From John Antioco's telling it would have but he lost control of the company
to activist shareholders, who as you said:

> ...never look at whether a unit is a good future investment.

[https://hbr.org/2011/04/how-i-did-it-blockbusters-former-
ceo...](https://hbr.org/2011/04/how-i-did-it-blockbusters-former-ceo-on-
sparring-with-an-activist-shareholder)

------
oddity
What I find most interesting about this story is that we talk about
"subscribers" for Netflix, but the service those subscribers have subscribed
to has changed (mailed DVDs, then streaming, then own content and maybe some
other steps along the way that I'm not aware of). Blockbuster expanded what
you could rent (movies then video games), they reduced restrictions on how you
could rent (removing fees iirc), they let you buy adjacent items (card packs?
candy? popcorn?), but for the most part, they still stayed within the
traditional one-time-purchase, physical-good model.
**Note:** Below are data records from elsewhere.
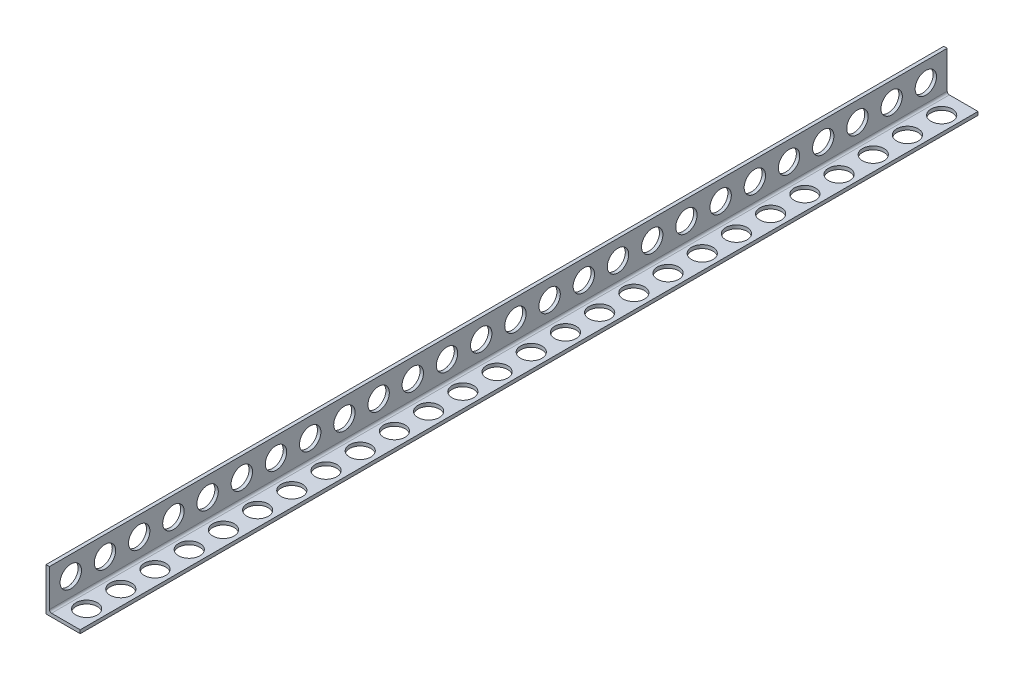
ISO-10303-21;
HEADER;
FILE_DESCRIPTION(('STEP AP214'),'2;1');
FILE_NAME('part.step','',(''),(''),'','','');
FILE_SCHEMA(('AUTOMOTIVE_DESIGN { 1 0 10303 214 1 1 1 1 }'));
ENDSEC;
DATA;
#1=APPLICATION_CONTEXT('core data for automotive mechanical design processes');
#2=APPLICATION_PROTOCOL_DEFINITION('international standard','automotive_design',2000,#1);
#3=PRODUCT_CONTEXT('',#1,'mechanical');
#4=PRODUCT('Part','Part','',(#3));
#5=PRODUCT_RELATED_PRODUCT_CATEGORY('part','',(#4));
#6=PRODUCT_DEFINITION_FORMATION('','',#4);
#7=PRODUCT_DEFINITION_CONTEXT('part definition',#1,'design');
#8=PRODUCT_DEFINITION('design','',#6,#7);
#9=PRODUCT_DEFINITION_SHAPE('','',#8);
#10=(LENGTH_UNIT() NAMED_UNIT(*) SI_UNIT(.MILLI.,.METRE.));
#11=(NAMED_UNIT(*) PLANE_ANGLE_UNIT() SI_UNIT($,.RADIAN.));
#12=(NAMED_UNIT(*) SI_UNIT($,.STERADIAN.) SOLID_ANGLE_UNIT());
#13=UNCERTAINTY_MEASURE_WITH_UNIT(LENGTH_MEASURE(1.E-05),#10,'distance_accuracy_value','');
#14=(GEOMETRIC_REPRESENTATION_CONTEXT(3) GLOBAL_UNCERTAINTY_ASSIGNED_CONTEXT((#13)) GLOBAL_UNIT_ASSIGNED_CONTEXT((#10,
#11,#12)) REPRESENTATION_CONTEXT('',''));
#15=CARTESIAN_POINT('',(0.,0.,0.));
#16=DIRECTION('',(0.,0.,1.));
#17=DIRECTION('',(1.,0.,0.));
#18=AXIS2_PLACEMENT_3D('',#15,#16,#17);
#19=CARTESIAN_POINT('',(-40.,100.,2100.));
#20=DIRECTION('',(1.,0.,0.));
#21=DIRECTION('',(0.,1.,0.));
#22=AXIS2_PLACEMENT_3D('',#19,#20,#21);
#23=PLANE('',#22);
#24=CARTESIAN_POINT('',(-40.,55.0000000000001,130.));
#25=DIRECTION('',(-1.,0.,0.));
#26=DIRECTION('',(0.,-1.,0.));
#27=AXIS2_PLACEMENT_3D('',#24,#25,#26);
#28=CIRCLE('',#27,25.);
#29=CARTESIAN_POINT('',(-40.,30.,130.));
#30=VERTEX_POINT('',#29);
#31=EDGE_CURVE('E1133',#30,#30,#28,.T.);
#32=ORIENTED_EDGE('',*,*,#31,.F.);
#33=EDGE_LOOP('',(#32));
#34=FACE_BOUND('',#33,.T.);
#35=CARTESIAN_POINT('',(-40.,55.0000000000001,50.));
#36=DIRECTION('',(-1.,0.,0.));
#37=DIRECTION('',(0.,-1.,0.));
#38=AXIS2_PLACEMENT_3D('',#35,#36,#37);
#39=CIRCLE('',#38,25.);
#40=CARTESIAN_POINT('',(-40.,30.,50.));
#41=VERTEX_POINT('',#40);
#42=EDGE_CURVE('E122',#41,#41,#39,.T.);
#43=ORIENTED_EDGE('',*,*,#42,.F.);
#44=EDGE_LOOP('',(#43));
#45=FACE_BOUND('',#44,.T.);
#46=DIRECTION('',(0.,-1.,0.));
#47=VECTOR('',#46,1.);
#48=CARTESIAN_POINT('',(-40.,100.,0.));
#49=LINE('',#48,#47);
#50=CARTESIAN_POINT('',(-40.,100.,0.));
#51=VERTEX_POINT('',#50);
#52=CARTESIAN_POINT('',(-40.,0.,0.));
#53=VERTEX_POINT('',#52);
#54=EDGE_CURVE('E99',#51,#53,#49,.T.);
#55=ORIENTED_EDGE('',*,*,#54,.T.);
#56=DIRECTION('',(0.,0.,-1.));
#57=VECTOR('',#56,1.);
#58=CARTESIAN_POINT('',(-40.,0.,2100.));
#59=LINE('',#58,#57);
#60=CARTESIAN_POINT('',(-40.,0.,2100.));
#61=VERTEX_POINT('',#60);
#62=EDGE_CURVE('E106',#61,#53,#59,.T.);
#63=ORIENTED_EDGE('',*,*,#62,.F.);
#64=DIRECTION('',(0.,-1.,0.));
#65=VECTOR('',#64,1.);
#66=CARTESIAN_POINT('',(-40.,100.,2100.));
#67=LINE('',#66,#65);
#68=CARTESIAN_POINT('',(-40.,100.,2100.));
#69=VERTEX_POINT('',#68);
#70=EDGE_CURVE('E134',#69,#61,#67,.T.);
#71=ORIENTED_EDGE('',*,*,#70,.F.);
#72=DIRECTION('',(0.,0.,-1.));
#73=VECTOR('',#72,1.);
#74=CARTESIAN_POINT('',(-40.,100.,2100.));
#75=LINE('',#74,#73);
#76=EDGE_CURVE('E118',#69,#51,#75,.T.);
#77=ORIENTED_EDGE('',*,*,#76,.T.);
#78=EDGE_LOOP('',(#55,#63,#71,#77));
#79=FACE_BOUND('',#78,.T.);
#80=CARTESIAN_POINT('',(-40.,55.0000000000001,210.));
#81=DIRECTION('',(-1.,0.,0.));
#82=DIRECTION('',(0.,-1.,0.));
#83=AXIS2_PLACEMENT_3D('',#80,#81,#82);
#84=CIRCLE('',#83,25.);
#85=CARTESIAN_POINT('',(-40.,30.,210.));
#86=VERTEX_POINT('',#85);
#87=EDGE_CURVE('E158',#86,#86,#84,.T.);
#88=ORIENTED_EDGE('',*,*,#87,.F.);
#89=EDGE_LOOP('',(#88));
#90=FACE_BOUND('',#89,.T.);
#91=CARTESIAN_POINT('',(-40.,55.0000000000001,290.));
#92=DIRECTION('',(-1.,0.,0.));
#93=DIRECTION('',(0.,-1.,0.));
#94=AXIS2_PLACEMENT_3D('',#91,#92,#93);
#95=CIRCLE('',#94,25.);
#96=CARTESIAN_POINT('',(-40.,30.,290.));
#97=VERTEX_POINT('',#96);
#98=EDGE_CURVE('E165',#97,#97,#95,.T.);
#99=ORIENTED_EDGE('',*,*,#98,.F.);
#100=EDGE_LOOP('',(#99));
#101=FACE_BOUND('',#100,.T.);
#102=CARTESIAN_POINT('',(-40.,55.0000000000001,370.));
#103=DIRECTION('',(-1.,0.,0.));
#104=DIRECTION('',(0.,-1.,0.));
#105=AXIS2_PLACEMENT_3D('',#102,#103,#104);
#106=CIRCLE('',#105,25.);
#107=CARTESIAN_POINT('',(-40.,30.,370.));
#108=VERTEX_POINT('',#107);
#109=EDGE_CURVE('E171',#108,#108,#106,.T.);
#110=ORIENTED_EDGE('',*,*,#109,.F.);
#111=EDGE_LOOP('',(#110));
#112=FACE_BOUND('',#111,.T.);
#113=CARTESIAN_POINT('',(-40.,55.0000000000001,450.));
#114=DIRECTION('',(-1.,0.,0.));
#115=DIRECTION('',(0.,-1.,0.));
#116=AXIS2_PLACEMENT_3D('',#113,#114,#115);
#117=CIRCLE('',#116,25.);
#118=CARTESIAN_POINT('',(-40.,30.,450.));
#119=VERTEX_POINT('',#118);
#120=EDGE_CURVE('E177',#119,#119,#117,.T.);
#121=ORIENTED_EDGE('',*,*,#120,.F.);
#122=EDGE_LOOP('',(#121));
#123=FACE_BOUND('',#122,.T.);
#124=CARTESIAN_POINT('',(-40.,55.0000000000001,530.));
#125=DIRECTION('',(-1.,0.,0.));
#126=DIRECTION('',(0.,-1.,0.));
#127=AXIS2_PLACEMENT_3D('',#124,#125,#126);
#128=CIRCLE('',#127,25.);
#129=CARTESIAN_POINT('',(-40.,30.,530.));
#130=VERTEX_POINT('',#129);
#131=EDGE_CURVE('E183',#130,#130,#128,.T.);
#132=ORIENTED_EDGE('',*,*,#131,.F.);
#133=EDGE_LOOP('',(#132));
#134=FACE_BOUND('',#133,.T.);
#135=CARTESIAN_POINT('',(-40.,55.0000000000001,610.));
#136=DIRECTION('',(-1.,0.,0.));
#137=DIRECTION('',(0.,-1.,0.));
#138=AXIS2_PLACEMENT_3D('',#135,#136,#137);
#139=CIRCLE('',#138,25.);
#140=CARTESIAN_POINT('',(-40.,30.,610.));
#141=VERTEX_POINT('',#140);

Perhaps some of this is just that Netflix survived long enough and into the
right eras to make these transitions, but I conjecture that your most
successful business model molds your management and therefore the space in
which the management can imagine new pivots.

The other direction is that the management has a certain mental flexibility
and therefore the business has a certain flexibility... which is probably
bidirectional and self-reinforcing when the ideas work. I don't see anything
that could have stopped Blockbuster from becoming the Netflix we know today
other than their management believing in the new business model(s). Perhaps
only Blockbuster management would know. Have any of them told their story?

Edit: Seems I'm just uninformed :) Blockbuster apparently had an online
service that I didn't know about. Why did it fail? Too late?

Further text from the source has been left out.